Sounds like the one near Rugby School. Definitely a 30 Zone! That stretch of road used to be 40 but our wonderful council reduced it to 30 and gave us a shiny new camera at the same time!

Maybe the fog will obscure your number plate!!


----------



## Chrispy (6 Nov 2012)

If it was that foggy may be the picture will be as well, after all if you can't see it it can't see you.


----------



## Mark A (6 Nov 2012)

I hope so.

I wouldn't have minded if it was 4 in the afternoon, but this was 10 pm on a cold frosty Sunday night with nobody on the roads.


----------



## Jacob (6 Nov 2012)

mark aspin":1mvms6my said:


> I hope so.
> 
> I wouldn't have minded if it was 4 in the afternoon, but this was 10 pm on a cold frosty Sunday night with nobody on the roads.


Excuses excuses!
It was speeding. That's all there is to it. The cameras are situated on accident prone stretches of road, for maximum effect.
Bin there dunnit etc. And did the speed awareness course in lieu of points on the licence. I now drive a lot slower and stick to limits fairly well.


----------



## newt (6 Nov 2012)

Not all cameras are placed in accident black spots, some are placed to maximise revenue, particularly mobiles. But you still need to obey the the limits.


----------



## WellsWood (6 Nov 2012)

newt":q48m4dvy said:


> ...some are placed to maximise revenue...



A contentious and debatable issue in my opinion, but leaving that aside the words "school" and "hill" probably give much more clue as to the siting of this particular one.

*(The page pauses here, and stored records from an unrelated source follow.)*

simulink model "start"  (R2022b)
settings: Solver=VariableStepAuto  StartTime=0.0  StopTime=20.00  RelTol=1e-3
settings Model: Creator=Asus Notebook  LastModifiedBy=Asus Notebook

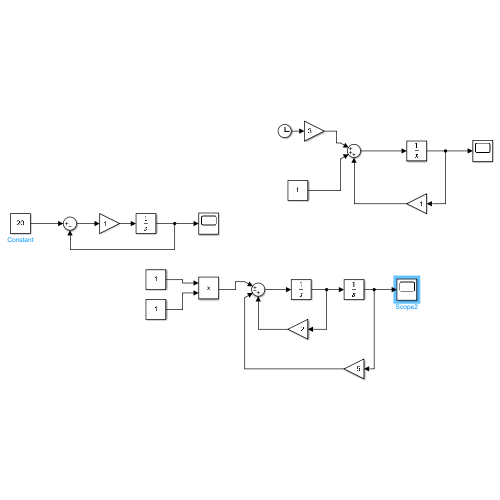
[thumbnail: Simulink's stored preview of the top-level diagram]
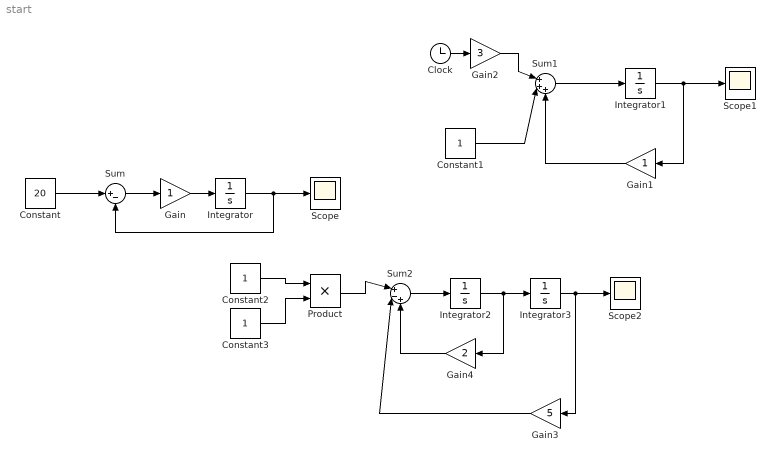
== system start ==
  Clock : Clock
  Constant : Constant  Value=20
  Constant1 : Constant
  Constant2 : Constant
  Constant3 : Constant
  Gain : Gain
  Gain1 : Gain
  Gain2 : Gain  Gain=3
  Gain3 : Gain  Gain=5
  Gain4 : Gain  Gain=2
  Integrator : Integrator  InitialCondition=60
  Integrator1 : Integrator
  Integrator2 : Integrator
  Integrator3 : Integrator
  Product : Product
  Scope : Scope
  Scope1 : Scope
  Scope2 : Scope
  Sum : Sum  Inputs=|+-
  Sum1 : Sum  Inputs=|+++
  Sum2 : Sum  Inputs=|+-+
  wires:
  Constant/1 -> Sum/1
  Sum/1 -> Gain/1
  Gain/1 -> Integrator/1
  Integrator/1 -> Sum/2, Scope/1
  Integrator1/1 -> Gain1/1, Scope1/1
  Gain1/1 -> Sum1/3
  Constant1/1 -> Sum1/2
  Clock/1 -> Gain2/1
  Gain2/1 -> Sum1/1
  Sum1/1 -> Integrator1/1
  Integrator2/1 -> Gain4/1, Integrator3/1
  Integrator3/1 -> Scope2/1, Gain3/1
  Gain3/1 -> Sum2/2
  Sum2/1 -> Integrator2/1
  Gain4/1 -> Sum2/3
  Constant2/1 -> Product/1
  Constant3/1 -> Product/2
  Product/1 -> Sum2/1

The circumstance begs the question how you knew the roads were deserted - if you couldn't see the camera you're frankly lucky there was nothing else "hidden in dense fog". Precious little sympathy here I'm afraid.


----------



## Jacob (6 Nov 2012)

newt":152x6h7n said:


> Not all cameras are placed in accident black spots, some are placed to maximise revenue, particularly mobiles. ..


Complete nonsense.


----------



## Kalimna (6 Nov 2012)

Whilst I normaly agree with you Jacob, on your post above I think you are quite wrong. I am not saying that all, or even the majority of speed cameras are there primarily to maximise revenue, but from driving a lot of roads, there are some which seem to serve no other purpose.
All who drive should know what the speed limit on that particular stretch of road is, and should happily accept the consequences of being caught driving over that limit. If you didnt know what the speed limit is, then, again, it's your own fault. However, placing a camera at the base of a steepish dual carriageway gradient where the limit has dropped to 50, and it would be easy to over step slightly seems, to me, a revenue gaining exercise. Thats one specific Scottish example I can think of.
The debate as to whether the speed limit imposed is a reasonable one is different and moot.
If speed cameras are there purely to help prevent accidents, then road signs saying something to the effect of "There is a speed camera 100/200/300/etc metres away and the road speed limit is Xmph" would be much more effective at reducing speeds, but also much less effective at generating funds.
It all depends on whether speed cameras primary role is to catch people speeding, or help prevent the speeding in the first place.

Cheers.
Adam


----------



## mailee (6 Nov 2012)

I did wonder how accurate the speed was on my sat nav as it is 5mph faster than my speedo. I always follow my speedo reading so am always below the speed limit in that case.


----------



## Steve Maskery (6 Nov 2012)

I have only one speeding story to tell. 
I and three friends were holidaying in Sweden. A Summer House belonging to a friend of a friend. Elictricity but no water or sanitation. A S**T lorry came around once a week to empty the buckets..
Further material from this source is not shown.